Und jetzt will ich meinen CPU Kühler darauf bauen (           EKL Alpenföhn Groß Clock'ner)  hardwareversand.de - Artikel-Information - Alpenfhn CPU-Khler Gro Clockner - AMD/Intel Foto: http://www.xup.in/pic,10656785/DSCF6003.jpg und http://www.xup.in/pic,51423548/DSCF6002.jpg
*
Frage:*
Muss ich vorher dann den anderen Kühler von AMD entfernen? Einfach abschrauben geht nicht, da er wohl "festklebt", ist das die Wärmepaste auf dem CPU selbst? Ich will das nicht abreissen und dann damit etwas kaputt machen oder so. :/

Könnt ihr mir helfen?  Liebe Grüße


----------



## Rizzard (28. April 2010)

*AW: CPU-Lüfter einbauen, nur wie?*

Ja, du must den Standardkühler, der gerade verbaut ist erst entfernen. Wenn er nicht verschraubt ist, ist er vielleicht mit Push-Pins befestigt.

Wegen der Wärmeleitpaste klebt da nichts fest
Die must du allerdings erneuern, wenn du den neuen Kühler verbaust. Ich glaube sowieso du hättest dich vorher etwas mehr erkundigen sollen

Wie du den Clockner verbaust müsste ja im Handbuch beschrieben sein. Montage ist auf jeden Fall ziemlich einfach gehalten. Du musst dazu nicht einmal das MB heraus nehmen.


----------



## Gam0r666 (28. April 2010)

*AW: CPU-Lüfter einbauen, nur wie?*

Danke für deine schnelle Antwort.  Die Schrauben habe ich schon gelöst, aber er "klebt" wie gesagt immer noch auf dem CPU :/ Im Usermanual steht auch ausdrücklich drinne, dass man EXTREM vorsichtig sein soll, wenn man den alten bzw. Standard-Kühler entfernt da diese aneinander kleben. 

Edit: habe den alten Kühler jetzt entfernt, die beiden klebten wirklich zusammen, aber nicht so fest wie gedacht!


----------



## Rizzard (28. April 2010)

*AW: CPU-Lüfter einbauen, nur wie?*

Also ich habe bislang noch nie gesehen, das ein Kühler fest an einer CPU durch WLP kleben kann.

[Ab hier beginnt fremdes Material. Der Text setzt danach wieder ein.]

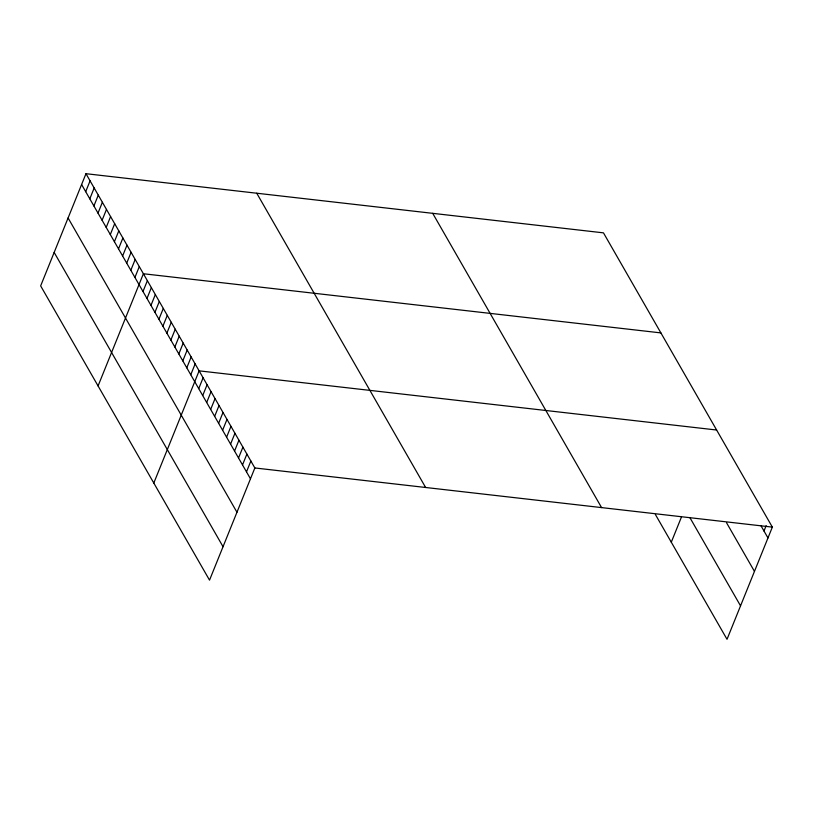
<?xml version="1.0" encoding="UTF-8"?>
<svg xmlns="http://www.w3.org/2000/svg" width="813" height="813" viewBox="0 0 813 813"><rect width="100%" height="100%" fill="white"/><g stroke="black" fill="none" stroke-linecap="round" stroke-linejoin="round"><path stroke-width="1.22" d="M85.975 173.697L40.65 285.881L209.53 580.147L254.855 467.963L85.975 173.697L603.47 232.853L772.35 527.119L727.025 639.303L655.369 514.456M85.7 191.675L90.08 180.842M89.806 198.819L94.176 187.986M93.902 205.963L98.282 195.13M98.007 213.108L102.377 202.274M102.103 220.262L106.483 209.429M106.208 227.406L110.588 216.573M110.304 234.551L114.684 223.717M114.409 241.695L118.789 230.862M118.515 248.849L122.885 238.016M122.611 255.993L126.991 245.16M126.716 263.138L131.086 252.304M130.812 270.282L135.192 259.449M134.917 277.426L139.297 266.603M98.068 385.931L143.393 273.747L660.888 332.903M142.997 291.511L147.377 280.678M146.98 298.452L151.36 287.619M150.964 305.383L155.334 294.55M154.937 312.324L159.318 301.491M158.921 319.255L163.301 308.432M162.905 326.196L167.275 315.363M166.878 333.137L171.258 322.304M170.862 340.068L175.242 329.235M174.846 347.009L179.216 336.176M178.83 353.94L183.199 343.106M182.803 360.881L187.183 350.047M186.787 367.811L191.167 356.978M190.77 374.752L195.14 363.919M153.799 483.044L199.124 370.85L716.619 430.016M198.728 388.624L203.108 377.791M202.711 395.555L207.081 384.732M206.685 402.496L211.065 391.663M210.669 409.437L215.049 398.604M214.652 416.368L219.032 405.535M218.636 423.309L223.006 412.476M222.61 430.24L226.99 419.406M226.593 437.181L230.973 426.347M230.577 444.111L234.947 433.278M234.551 451.052L238.931 440.219M238.534 457.983L242.914 447.15M242.518 464.924L246.888 454.091M246.491 471.865L250.871 461.032M671.294 542.2L681.426 517.109M763.996 531.021L766.181 525.605M254.855 467.963L772.35 527.119M761.151 526.062L767.97 537.952M726.598 522.85L754.464 571.397M689.922 517.668L740.541 605.858M432.699 213.331L601.579 507.597M256.745 193.22L425.626 487.485M81.595 184.521L250.475 478.796M68.089 217.975L236.959 512.241M54.166 252.437L223.036 546.702"/></g></svg>

Kaputt gehen kann da eigentlich nichts. Und wie gesagt, du musst die WLP ja sowieso erneuern.


----------



## Gam0r666 (28. April 2010)

*AW: CPU-Lüfter einbauen, nur wie?*

So alles geschafft, danke für deine Hilfe


----------



## Necrobutcher (28. April 2010)

*AW: CPU-Lüfter einbauen, nur wie?*

Ich hatte mein 955er Boxed auf nen Athlon 64 3000+ gepackt... als ich ihn nach ner Weile abmachen wollte hat die standart WLP so geklept dass ich die CPU aus dem Sockel gerissen habe


----------



## Maschine311 (28. April 2010)

*AW: CPU-Lüfter einbauen, nur wie?*

Das ist doch ein AM3 Sockel, da ist nichts mit Push-Pins und geschraubt wird der Boxed auxch nicht. 
Der Kühlkörper hat genau 2 Klammern, wovon eine gespannt wird. Ich versuchs dir mal zu beschreiben!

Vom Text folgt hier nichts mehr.